Introduction

Danitza Rodríguez Jiménez

As concerns regarding the viability and health of our planet grow ever more urgent, we must pay attention to a wide range of voices about environmental degradation and its impacts. Latinx voices remain largely unheard when examining our changing planet. This collection of essays successfully addresses the crucial topic of environmental deterioration while including Latinidad as a focal point of consideration. This specificity is important to illustrate how historically vulnerable Latinx communities have been, and currently are, to environmental degradation, and to amplify the general understanding of how environmental change affects diverse populations, and how those diverse populations might be thinking about environmental change in ways that benefit all. Considering environmental changes and acknowledging how humans both impact and are impacted by these processes is vital. The articles included in this Mini-Reader provide a variety of cultural perspectives, writing styles, and new ideas, all on current and historical environmental issues that intersect with Latinx people. These writers have undertaken the task of conceptualizing what it means to be Latinx and battling environmental injustices.

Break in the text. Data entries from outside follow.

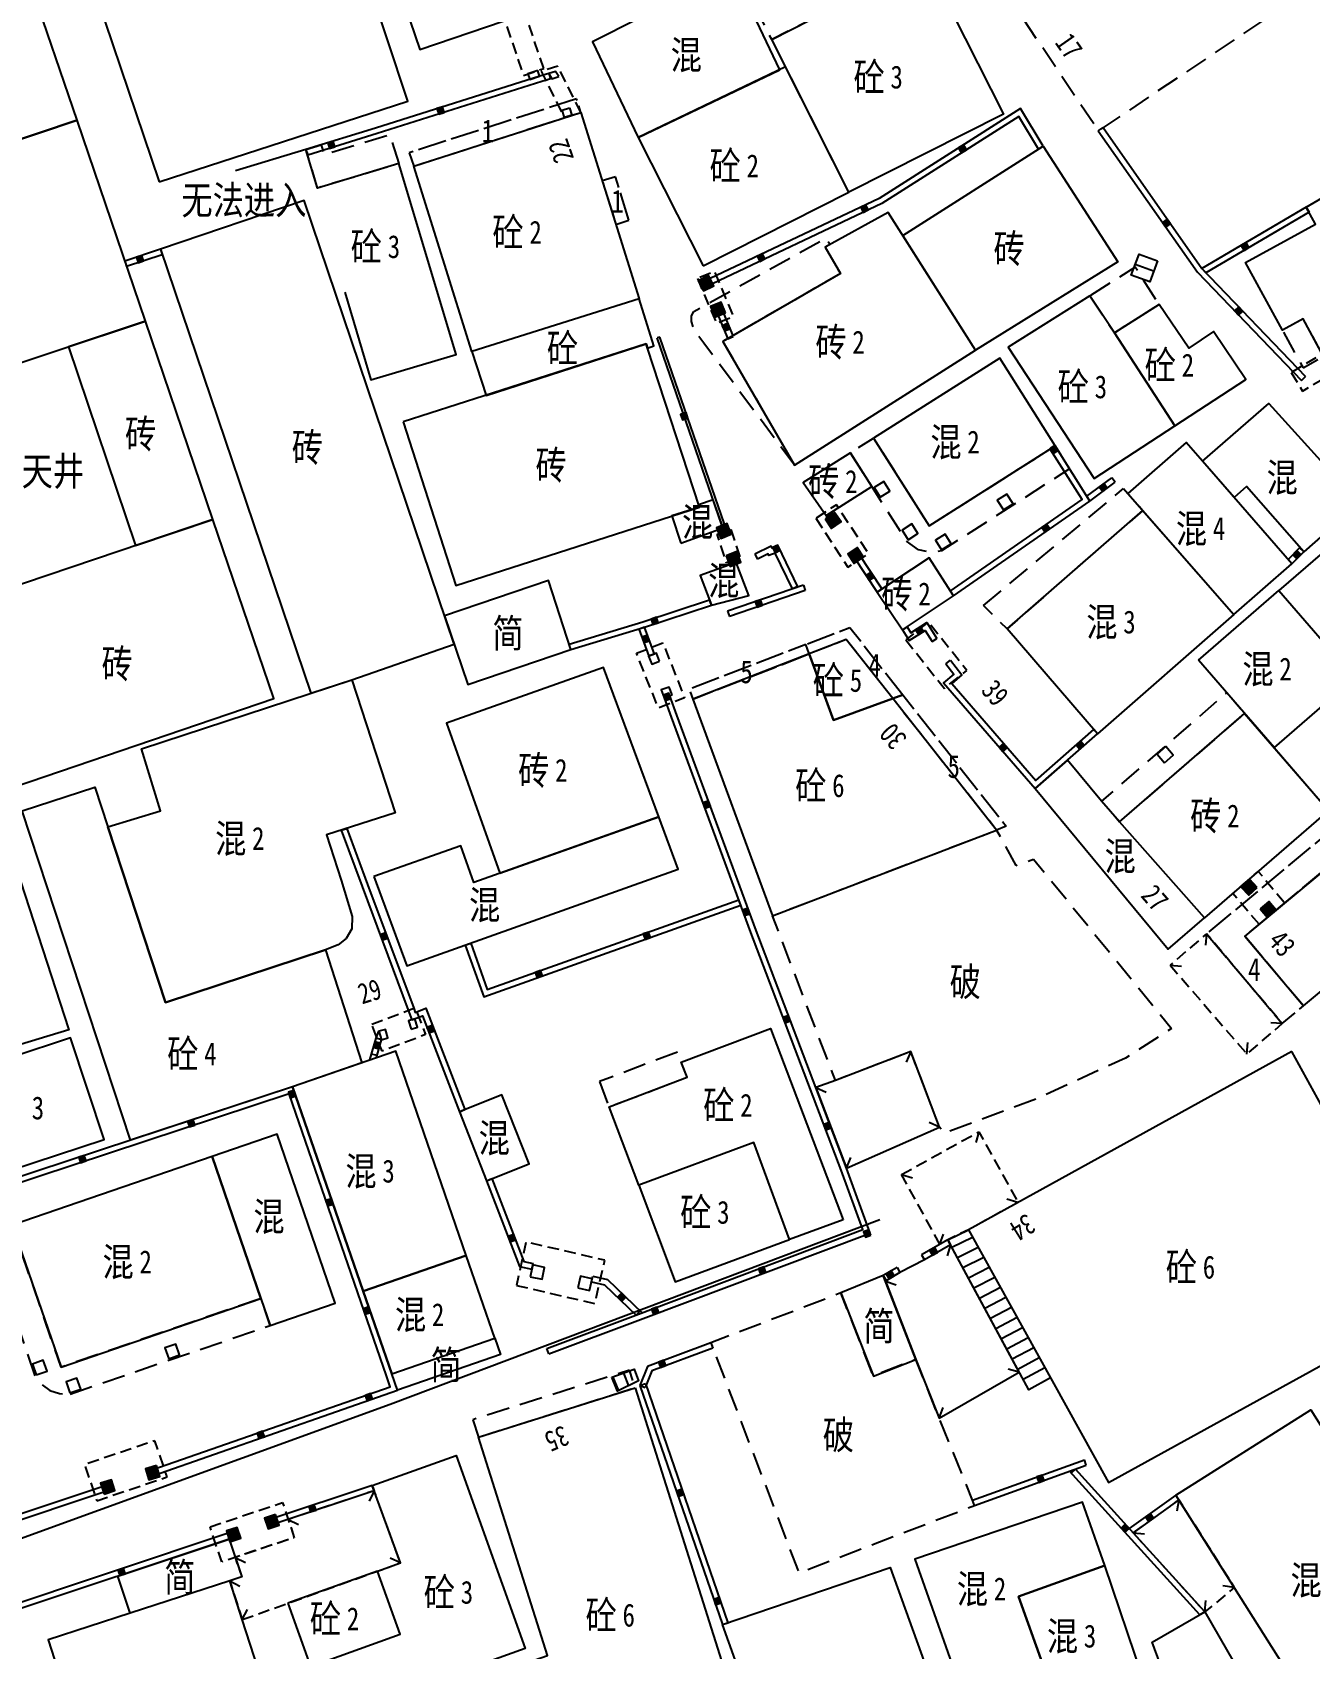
# Model space of a CAD drawing. Extents: x 395778 to 396698, y 996972 to 998012.
# Drawn here: x 396146 to 396201.8, y 997550.3 to 997620.8 of the extents above; entities that cross this region are included whole.
import ezdxf
from ezdxf.enums import TextEntityAlignment as Align

# ---------------------------------------------------------------- set-up
doc = ezdxf.new("R2010")
doc.units = 0
doc.header["$LTSCALE"] = 0.5
for name, pattern in [('X32', [1.5, 1, -0.5]), ('X39', [3, 2.5, -0.5]), ('X5', [3, 2, -1])]:
    doc.linetypes.add(name, pattern=pattern)
doc.layers.get('0').update_dxf_attribs({"linetype": 'CONTINUOUS'})
doc.layers.add('ASSIST', color=7, linetype='CONTINUOUS', plot=False)
doc.layers.add('JMD', color=6, linetype='CONTINUOUS')
doc.layers.add('门牌号', color=2, linetype='CONTINUOUS')
doc.styles.add('正等线体', font='simhei.ttf')
doc.styles.add('细等线体', font='', dxfattribs={"width": 0.8})
doc.styles.get('细等线体').set_extended_font_data('SimSun')

# ---------------------------------------------------------------- blocks, each defined once
blk = doc.blocks.new('*U0')
at = {"linetype": 'Continuous'}
for points in [[(0, 0), (0.5, 0.5), (-0.5, 0.5)], [(0, 0), (-0.5, 0.5), (-0.5, -0.5)], [(0, 0), (-0.5, -0.5), (0.5, -0.5)], [(0, 0), (0.5, -0.5), (0.5, 0.5)]]:
    blk.add_solid(points, dxfattribs=at)
blk = doc.blocks.new('gc002')
blk.add_lwpolyline([(-0.5, -0.5), (0.5, -0.5), (0.5, 0.5), (-0.5, 0.5), (-0.5, -0.5)])
at = {"linetype": 'Continuous'}
blk.add_blockref('*U0', (0, 0), dxfattribs=at)
blk = doc.blocks.new('gc291')
blk.add_lwpolyline([(-0.5, -0.5), (0.5, -0.5), (0.5, 0.5), (-0.5, 0.5), (-0.5, -0.5)])

msp = doc.modelspace()

# ---------------------------------------------------------------- linework, layer by layer
at = {"layer": 'ASSIST', "linetype": 'Continuous', "flags": 128}
for points in [[(396195.155, 997610.835), (396194.818, 997609.914), (396194.014, 997610.209), (396194.359, 997611.127)], [(396186.899, 997568.535), (396190.48, 997562.078), (396189.538, 997561.556), (396185.999, 997568.101)], [(396171.338, 997562.098), (396172.311, 997562.461), (396172.498, 997561.942), (396171.586, 997561.497)]]:
    msp.add_lwpolyline(points, close=True, dxfattribs=at)
msp.add_lwpolyline([(396183.029, 997568.965), (396161.662, 997560.916), (396142.453, 997553.939), (396138.469, 997550.268)], dxfattribs=at)
at = {"layer": 'JMD', "linetype": 'Continuous'}
for p, q in [((396168.588, 997619.01), (396168.662, 997618.771)), ((396192.575, 997616.5), (396192.78, 997616.643)), ((396157.98, 997615.682), (396158.055, 997615.444)), ((396190.173, 997615.84), (396189.959, 997615.71)), ((396201.656, 997613.17), (396201.775, 997612.95)), ((396150.072, 997610.82), (396150.15, 997610.582)), ((396151.628, 997611.335), (396151.707, 997611.098)), ((396194.818, 997609.914), (396194.014, 997610.209)), ((396194.99, 997610.384), (396194.19, 997610.677)), ((396197.094, 997610.496), (396197.272, 997610.31)), ((396175.35, 997609.924), (396175.457, 997609.698)), ((396175.914, 997608.575), (396176.144, 997608.673)), ((396173.433, 997607.504), (396173.319, 997607.464)), ((396176.402, 997607.422), (396176.626, 997607.534)), ((396201.441, 997605.604), (396201.621, 997605.777)), ((396190.69, 997602.748), (396190.478, 997602.615)), ((396193.307, 997601.162), (396193.158, 997601.362)), ((396192.21, 997600.345), (396192.076, 997600.557, -989.135)), ((396180.695, 997599.718), (396180.906, 997599.851, 4.631)), ((396180.877, 997599.443), (396181.086, 997599.582)), ((396176.387, 997598.958), (396176.274, 997598.919)), ((396181.893, 997597.914), (396182.102, 997598.052)), ((396201.543, 997598.133), (396201.364, 997598.308)), ((396177.584, 997598.03), (396177.694, 997597.806)), ((396201.021, 997597.598), (396200.857, 997597.787)), ((396179.698, 997596.68), (396179.779, 997596.444)), ((396175.691, 997595.804), (396175.601, 997596.038, -991.141)), ((396179.45, 997596.61), (396179.219, 997596.516, 4.764)), ((396182.915, 997596.375), (396183.124, 997596.514)), ((396186.246, 997596.206), (396186.111, 997596.417, -989.135)), ((396176.386, 997595.542), (396176.467, 997595.306)), ((396172.765, 997594.835), (396172.53, 997594.748)), ((396184.021, 997594.721), (396184.233, 997594.853)), ((396169.547, 997593.861), (396169.475, 997594.1)), ((396185.316, 997594.21), (396185.528, 997594.342)), ((396173.194, 997593.667), (396172.96, 997593.581)), ((396185.921, 997593.242), (396186.118, 997593.396)), ((396173.864, 997591.847), (396173.629, 997591.76)), ((396192.541, 997590.19), (396192.376, 997590.378)), ((396159.518, 997585.979), (396159.757, 997586.056)), ((396176.963, 997582.7), (396176.879, 997582.936)), ((396197.3, 997581.46), (396197.261, 997580.962)), ((396164.936, 997580.966), (396165.172, 997581.05)), ((396195.709, 997580.083), (396196.208, 997580.047)), ((396200.6, 997577.536), (396200.101, 997577.576)), ((396161.28, 997576.831), (396161.039, 997576.9)), ((396161.083, 997576.139), (396160.843, 997576.207)), ((396184.385, 997576.315), (396184.181, 997575.858)), ((396199.062, 997576.206), (396199.098, 997576.705)), ((396180.238, 997574.748), (396180.693, 997574.539)), ((396164.677, 997573.691), (396164.91, 997573.782)), ((396185.644, 997573.021), (396185.183, 997573.213)), ((396187.362, 997572.82), (396187.224, 997572.34)), ((396181.577, 997571.228), (396181.77, 997571.689)), ((396165.86, 997570.681), (396166.093, 997570.772, 5.433)), ((396183.984, 997570.946), (396184.464, 997570.808)), ((396189.065, 997569.728), (396188.585, 997569.867)), ((396185.659, 997567.905), (396185.82, 997568.345)), ((396186.118, 997567.881), (396185.982, 997567.4)), ((396185.999, 997568.101), (396186.118, 997567.881)), ((396187.085, 997568.2), (396186.183, 997567.761)), ((396187.327, 997567.763), (396186.422, 997567.318)), ((396167.845, 997566.815), (396167.897, 997567.06)), ((396184.861, 997567.444), (396184.986, 997567.227)), ((396187.57, 997567.325), (396186.662, 997566.875)), ((396170.447, 997566.262), (396170.499, 997566.507)), ((396183.186, 997566.538), (396183.311, 997566.322)), ((396183.278, 997566.302), (396183.75, 997566.137)), ((396183.788, 997566.887), (396183.913, 997566.671)), ((396187.812, 997566.888), (396186.902, 997566.432)), ((396188.055, 997566.451), (396187.141, 997565.988)), ((396188.297, 997566.014), (396187.381, 997565.545)), ((396172.392, 997564.817), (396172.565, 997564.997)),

For decades, many Latinx scholars have been researching how environmental issues specifically impact Latinx peoples and the natural world around them. This research has included analysis of how Latinx communities bear the burden of environmental hazards, how Latinx struggles for resources to maintain ways of life and avoid economic marginalization reveal grassroots environmentalisms, and how industries have degraded environments and Latinx lives. For example, Devon G. Peña’s The Terror of the Machine (1997) examines the intersections of gender, work, technology, and ecology in the maquiladora industries at the U.S.-Mexico border. Along with low wages, these maquiladoras inflict terrible conditions on workers, toxins and waste on the environment, and inhibit wildlife in the area. Peña’s scrutinization of this built environment which exploits both women and nature has become fundamental research for those examining Latinx environmentalisms. Laura Pulido’s Environmentalism and Economic Justice (1996) explores the ways that Latinx communities seeking to preserve their livelihoods through grassroots struggle engage questions of resource management, racism, and quality of life. Mary S. Pardo’s work, Mexican American Women Activists (1998), explores the vital roles that Mexican-American women have played in developing grassroots organizations, such as the “Mothers of East Los Angeles” to combat numerous types of environmental violence facing their communities, including city plans to build a prison and to set up a toxic waste incinerator in their neighborhood. More current research on environmentalisms in Latinx Studies includes the new volume Latinx Environmentalisms (2019), edited by Sarah D. Wald, David J. Vázquez, Priscilla Solis Ybarra, Sarah Jaquette Ray. This interdisciplinary volume seeks to decolonize mainstream environmentalism by considering interdisciplinary approaches to environmental health in Latinx Studies, including those that consider the significance of sexuality, capitalism, and eco-feminist approaches.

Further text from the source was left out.